Yogurt Chicken Kebabs Recipe
If you’ve never tried yogurt chicken kebabs, you don’t know what you’re missing out on. Be sure to try this recipe, you will be grateful to me.
This is part 2 of a 4-part recipe series with my friends from Yoplait on 4 easy, creative ways to incorporate more yogurt into our diets! For these recipes I’ll be using YQ Plain yogurt – it is ultra filtered milk and packed with protein. A 5 oz serving has 17g protein and 1g sugar.
If you struggle with overcooking your chicken, try using a yogurt-based marinade. Yogurt helps break down the protein in chicken so it is moist and tender and flavorful with every bite. Toss in some spice and/or herbs and you have juicy chicken that is properly seasoned.
The first step is to chop chicken breasts. The next step is making a marinade. Add plain yogurt in a bowl with garlic, cumin, turmeric, smoked paprika, cayenne for some heat, lemon zest, freshly squeezed lemon juice, olive oil, and a pinch of sea salt and pepper. Mix everything together.

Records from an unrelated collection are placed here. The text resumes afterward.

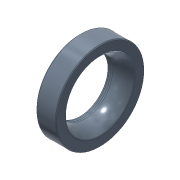
# Autodesk Inventor part: NA-45-h-Crown-129
Saved by Autodesk Inventor 2020.2 (Build 242310000, 310)
## iProperties
Created: 2020-09-21
Part Number: NA-45-h-Crown-129
Material: 19 436.4
Description: STAHOVACI KROUZEK
Document SubType Name: Modeling
Designer: Jurek
Density: 7.85 g/cm^3
Appearance: Ocelově modrá
Mass: 172.989 g
Surface Area: 71.9063 cm^2
Volume: 22.0368 cm^3
User Status: Rozpracováno
Category: B
Hmotnost (kg): 0,17
Rozmer_A: 60
Rozmer_B: 0
Rozmer_C: 0
Rozmer_D: 14
Rada vyrobku: 4100
Prumer nadobky: 45
Cislo artiklu: 4451101286
C. variantniho vykresu: NA-45-h-Crown-127
Jednotka: ks
Cisty rozmer: =Ø<Rozmer_A> - <Rozmer_D>
Predpona: Ø
Stroj na lince: Stahovací lis
RAZ Poznamka 1: ISO 2768-mH
RAZ Poznamka 2: NEOZNAČENÉ HRANY OJEHLIT
RAZ Poznamka 3: KALIT NA 58 - 60 HRc
DXF: Ne
QAD_code: M
Rizeni davek: L
Author: Správce
Revision Number: 00
Autodesk Inventor part; units mm, degrees
ref_plane "YZ Plane" through (0, 0, 0) normal (1, 0, 0) x (0, 1, 0)
ref_plane "XZ Plane" through (0, 0, 0) normal (0, 1, 0) x (-1, 0, 0)
ref_plane "XY Plane" through (0, 0, 0) normal (0, 0, 1) x (1, 0, 0)
sketch "Náčrt1" plane through (0, 0, 0) normal (0, 0, 1) x (1, 0, 0)
  line L0 (0, 0) -> (14.198, 0)
  line L1 (0, 19.135) -> (0, 30)
  line L2 (0, 30) -> (14, 30)
  line L3 (14, 30) -> (14, 23.8859)
  line L4 (3.5, 18.76) -> (2.3, 18.76)
  arc A0 (3.5, 18.76) -> (13.7308, 23.2033) centre (3.5, 32.76) ccw
  arc A1 (13.7308, 23.2033) -> (14, 23.8859) centre (13, 23.8859) ccw
  line L5 (0.3, 18.835) -> (1.0738, 18.835)
  line L6 (1.0738, 18.835) -> (2.3, 18.76)
  arc A2 (0, 19.135) -> (0.3, 18.835) centre (0.3, 19.135) ccw
  point P0 (0, 18.835)
  dimension "d0" = 60
  dimension "d1" = 37.52
  dimension "d4" = 14
  dimension "d18" = 1
  dimension "d21" = 14
  dimension "d25" = 10.5
  dimension "d26" = 1.2
  dimension "d27" = 37.67
  dimension "d28" = 3.5
  dimension "d29" = 0.3
  dimension "d32" = 5.1259
  constraints: 14 end point, 6 point on circle, 5 tangent, 3 centre point, 3 point on line, 2 parallel, 2 perpendicular, 1 horizontal
  measures "d0" diameter of L2 L0
  measures "d1" diameter of L4 L0
  measures "d4" distance between parallel lines of L3 L1
  measures "d18" radius of A1
  measures "d21" radius of A0
  measures "d25" distance from line of L4.start L3
  measures "d26" distance of L4.start L4.end
  measures "d27" diameter of L5 L0
  measures "d28" angle of L6 L4
  measures "d29" radius of A2
  measures "d32" distance from line of L3.end L4
revolve "Rotace1" add sketch "Náčrt1" angle 360 about axis through (0, 0, 0) along (1, 0, 0)
chamfer "Zkosení1" distance 1 angle 45 1 edges at (0, -30, 0)
chamfer "Zkosení2" distance 0.5 angle 45 1 edges at (14, -30, 0)
equation "\"Rozmer_B\" = 0"
equation "\"Rozmer_C\" = 0"
equation "\"Rozmer_D\" = d21"
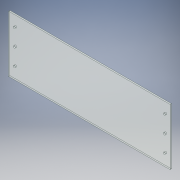
# Autodesk Inventor part: ARM_076_LexanShield
Saved by Autodesk Inventor 2018.3 (Build 223284000, 284)
## iProperties
Created: 2020-02-14
Part Number: ARM_076_LexanShield
Material: Generic
Document SubType Name: Modeling
Designer: 22barlalex
Density: 1 g/cm^3
Appearance: Clear
Author: 22barlalex
Autodesk Inventor part; units mm, degrees
ref_plane "YZ Plane" through (0, 0, 0) normal (1, 0, 0) x (0, 1, 0)
ref_plane "XZ Plane" through (0, 0, 0) normal (0, 1, 0) x (-1, 0, 0)
ref_plane "XY Plane" through (0, 0, 0) normal (0, 0, 1) x (1, 0, 0)
sketch "Sketch1" plane through (0, 0, 0) normal (0, 0, 1) x (1, 0, 0)
  line L0 (0, 0) -> (362.9152, 0)
  line L1 (362.9152, 0) -> (362.9152, 127)
  line L2 (362.9152, 127) -> (0, 127)
  line L3 (0, 127) -> (0, 0)
  dimension "d0" = 362.9152
  dimension "d1" = 127
  constraints: 8 end point, 2 parallel, 1 horizontal, 1 perpendicular
  measures "d0" distance of L2.end L1.end
  measures "d1" distance of L1.end L0.end
extrude "Extrusion1" add sketch "Sketch1" along normal blind 3.175
sketch "Sketch2" plane through (0, 0, 3.175) normal (0, 0, 1) x (1, 0, 0)
  line L0 (0, 127) -> (0, 0) projected
  line L1 (362.9152, 0) -> (362.9152, 127) projected
  line L2 (362.9152, 127) -> (0, 127) projected
  line L3 (0, 0) -> (362.9152, 0) projected
  point P0 (12.7, 25.4)
  point P1 (12.7, 63.5)
  point P2 (350.2152, 25.4)
  point P3 (350.2152, 63.5)
  point P4 (12.7, 101.6)
  point P5 (350.2152, 101.6)
  dimension "d4" = 12.7
  dimension "d5" = 12.7
  dimension "d6" = 12.7
  dimension "d7" = 12.7
  dimension "d8" = 12.7
  dimension "d9" = 12.7
  dimension "d10" = 25.4
  dimension "d11" = 25.4
  dimension "d12" = 38.1
  constraints: 3 horizontal alignment
  measures "d4" distance from line of L0 point (12.7, 25.4)
  measures "d5" distance from line of L0 point (12.7, 63.5)
  measures "d6" distance from line of L1 point (350.215, 25.4)
  measures "d7" distance from line of L1 point (350.215, 63.5)
  measures "d8" distance from line of L0 point (12.7, 101.6)
  measures "d9" distance from line of L1 point (350.215, 101.6)
  measures "d10" distance from line of L2 point (12.7, 101.6)
  measures "d11" distance from line of L3 point (12.7, 25.4)
  measures "d12" distance of point (12.7, 25.4) point (12.7, 63.5)
hole "Hole1" at (12.7, 25.4, 3.175) at (12.7, 63.5, 3.175) at (350.2152, 25.4, 3.175) at (350.2152, 63.5, 3.175) at (12.7, 101.6, 3.175) at (350.2152, 101.6, 3.175) direction (0, 0, -1) diameter 4.8514 end through all
body "Solid1"

Add chicken breast pieces to a sealable plastic bag with marinade. Mix everything together, so that every piece of chicken is completely covered with marinade. Marinade the chicken for 2 hours in the fridge. For the best results, refrigerate overnight.
When the chicken is ready, grab a wooden skewer and assemble the kebabs. Place them on a baking rack lined with parchment paper. Bake for about 20 minutes at 420 F.
Yogurt marinated chicken is a really easy recipe. Great thing about it is that you can customize the marinade using your favorite seasonings and spices.
Serve on a plate and garnish with fresh cilantro or chives. Enjoy it with your choice of side such as fragrant jasmine, basmati rice or baked potato. Add steamed or grilled veggies to complete the meal.
Whenever you marinate it in yogurt, it turns out much more moist, tender and delicious.
Yogurt Chicken Kebabs Recipe
Ingredients for 4 hearty kabobs:
- 1 1/4 lb chicken breast, cut into 1-inch chunks
- Marinade
- 3/4 cup plain yogurt (I used YQ plain)
- 2 teaspoons lemon zest
- juice from 1 lemon
- 1 teaspoon smoked paprika
- 1/2 teaspoon cayenne
- 1/2 teaspoon turmeric (optional)
- 2 tablespoons olive oil
- 1 tablespoon minced garlic
- Utensils
- wooden skewers
- 1 teaspoon cumin
- Mix together the ingredients for a marinade in a bowl. Place the chicken breast in a sealable plastic bag then pour in the marinade. Squeeze out all the air from the bag and seal it closed. Mix and mash the bag to completely cover every piece of chicken.
- Marinate in the fridge for at least 1 hour but for best results, marinate overnight.
- After marinating, assemble the kabobs. Set oven to 420F. Evenly divide the kabob pieces into 5 separate wooden skewers. Discard the leftover marinade from the chicken.
- Place the kabobs on a baking rack or baking sheet lined with parchment paper. Bake in the oven for 15 to 18 minutes, until the outside edges are brown and the chicken is cooked through.
- Garnish with fresh cilantro or chives and enjoy with your choice of side for meal prep. I suggest a fragrant jasmine or basmati rice and steamed veggies.